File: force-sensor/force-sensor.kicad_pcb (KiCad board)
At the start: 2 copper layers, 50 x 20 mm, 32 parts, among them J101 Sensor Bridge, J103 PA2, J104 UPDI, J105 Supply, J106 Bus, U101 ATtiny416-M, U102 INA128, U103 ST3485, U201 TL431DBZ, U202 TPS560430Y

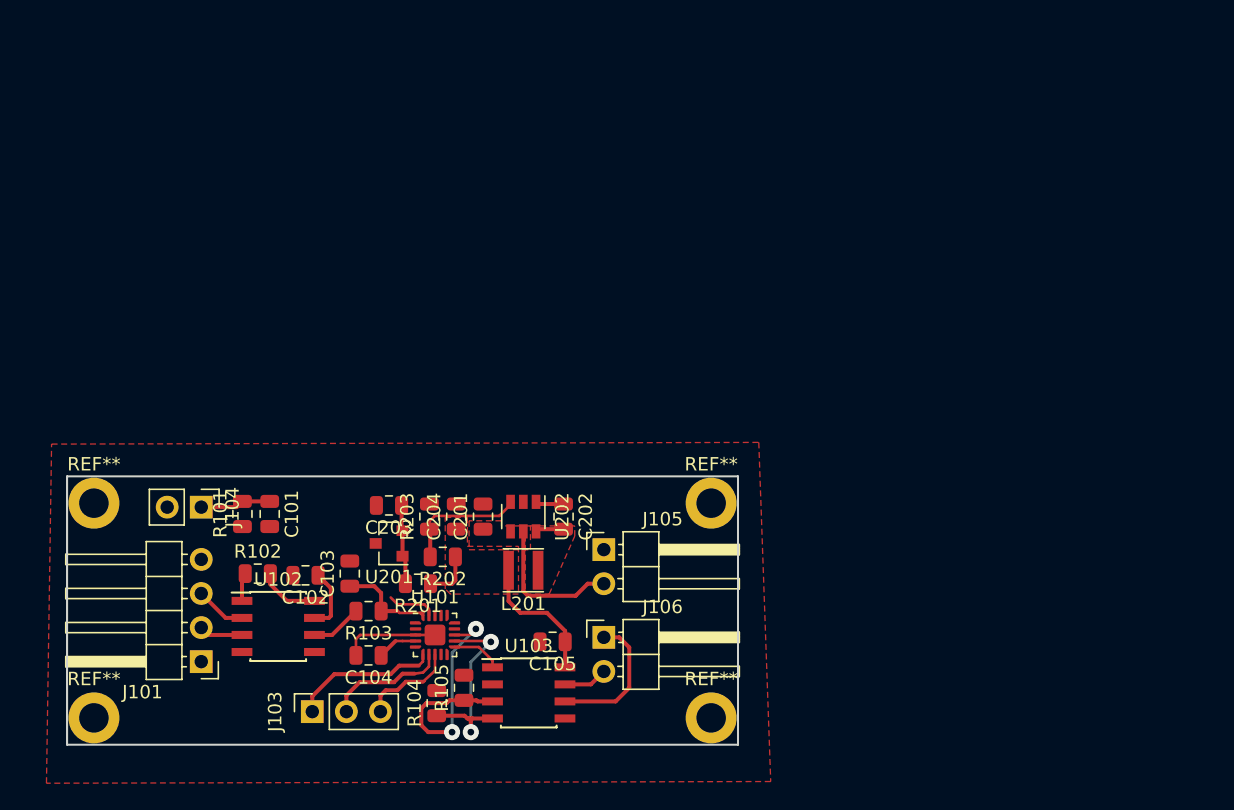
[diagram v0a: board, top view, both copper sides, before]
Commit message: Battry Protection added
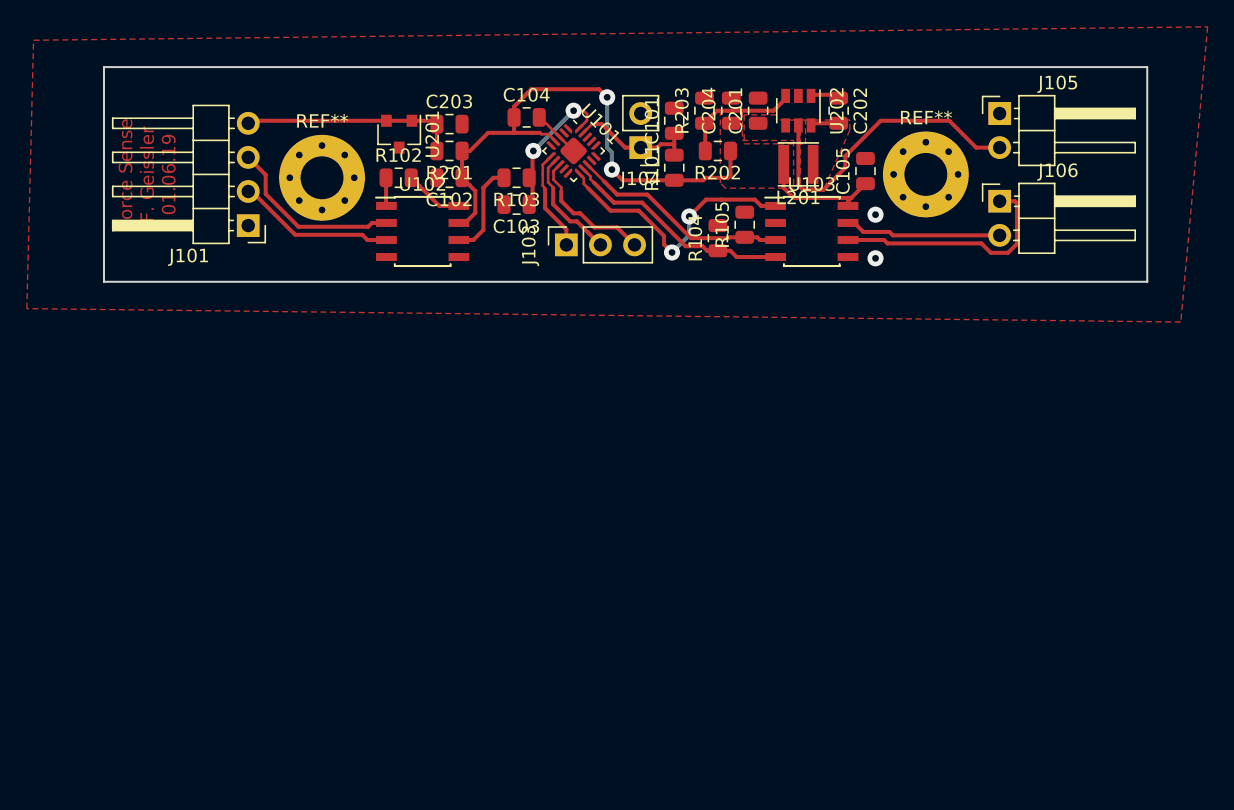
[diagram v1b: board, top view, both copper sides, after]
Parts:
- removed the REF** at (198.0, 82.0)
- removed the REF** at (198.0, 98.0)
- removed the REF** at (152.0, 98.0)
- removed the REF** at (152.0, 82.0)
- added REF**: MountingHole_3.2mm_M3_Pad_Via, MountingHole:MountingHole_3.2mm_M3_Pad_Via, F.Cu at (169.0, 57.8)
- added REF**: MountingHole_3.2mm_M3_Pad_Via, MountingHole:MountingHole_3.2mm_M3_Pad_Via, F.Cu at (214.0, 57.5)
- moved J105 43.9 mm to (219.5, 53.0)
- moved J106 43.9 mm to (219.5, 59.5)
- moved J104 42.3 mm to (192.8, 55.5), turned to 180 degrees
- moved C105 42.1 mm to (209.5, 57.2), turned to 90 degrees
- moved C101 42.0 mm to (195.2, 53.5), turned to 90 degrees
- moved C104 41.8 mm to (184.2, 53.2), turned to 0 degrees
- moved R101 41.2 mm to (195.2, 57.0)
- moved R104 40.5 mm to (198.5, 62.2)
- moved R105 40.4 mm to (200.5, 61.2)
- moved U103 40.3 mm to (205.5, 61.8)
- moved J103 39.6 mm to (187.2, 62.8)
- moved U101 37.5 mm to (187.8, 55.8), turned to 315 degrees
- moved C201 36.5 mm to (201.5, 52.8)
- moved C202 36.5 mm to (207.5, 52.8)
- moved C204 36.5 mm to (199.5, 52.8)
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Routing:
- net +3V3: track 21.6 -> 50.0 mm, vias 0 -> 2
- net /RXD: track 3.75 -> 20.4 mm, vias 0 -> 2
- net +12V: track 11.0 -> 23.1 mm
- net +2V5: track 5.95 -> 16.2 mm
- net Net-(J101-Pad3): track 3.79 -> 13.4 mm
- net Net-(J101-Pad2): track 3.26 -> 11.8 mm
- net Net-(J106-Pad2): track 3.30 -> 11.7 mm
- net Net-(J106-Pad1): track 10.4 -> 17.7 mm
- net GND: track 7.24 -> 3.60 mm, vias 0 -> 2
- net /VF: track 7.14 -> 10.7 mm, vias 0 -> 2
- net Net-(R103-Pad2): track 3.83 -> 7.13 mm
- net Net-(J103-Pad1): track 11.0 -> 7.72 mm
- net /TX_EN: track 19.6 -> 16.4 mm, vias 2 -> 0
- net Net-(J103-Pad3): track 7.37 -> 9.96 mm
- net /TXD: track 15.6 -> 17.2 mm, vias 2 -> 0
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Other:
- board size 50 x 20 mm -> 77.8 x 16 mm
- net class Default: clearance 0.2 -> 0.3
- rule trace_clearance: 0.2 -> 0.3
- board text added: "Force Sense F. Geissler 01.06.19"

************

WORK REQUIRED: Take exactly the lines from the one containing "- moved C204 36.5 mm to (199.5, 52.8)" through the one containing "- net Net-(J103-Pad1): track 11.0 -> 7.72 mm" in the data above, and output them with nothing added.

RESPONSE:
- moved C204 36.5 mm to (199.5, 52.8)
Routing:
- net +3V3: track 21.6 -> 50.0 mm, vias 0 -> 2
- net /RXD: track 3.75 -> 20.4 mm, vias 0 -> 2
- net +12V: track 11.0 -> 23.1 mm
- net +2V5: track 5.95 -> 16.2 mm
- net Net-(J101-Pad3): track 3.79 -> 13.4 mm
- net Net-(J101-Pad2): track 3.26 -> 11.8 mm
- net Net-(J106-Pad2): track 3.30 -> 11.7 mm
- net Net-(J106-Pad1): track 10.4 -> 17.7 mm
- net GND: track 7.24 -> 3.60 mm, vias 0 -> 2
- net /VF: track 7.14 -> 10.7 mm, vias 0 -> 2
- net Net-(R103-Pad2): track 3.83 -> 7.13 mm
- net Net-(J103-Pad1): track 11.0 -> 7.72 mm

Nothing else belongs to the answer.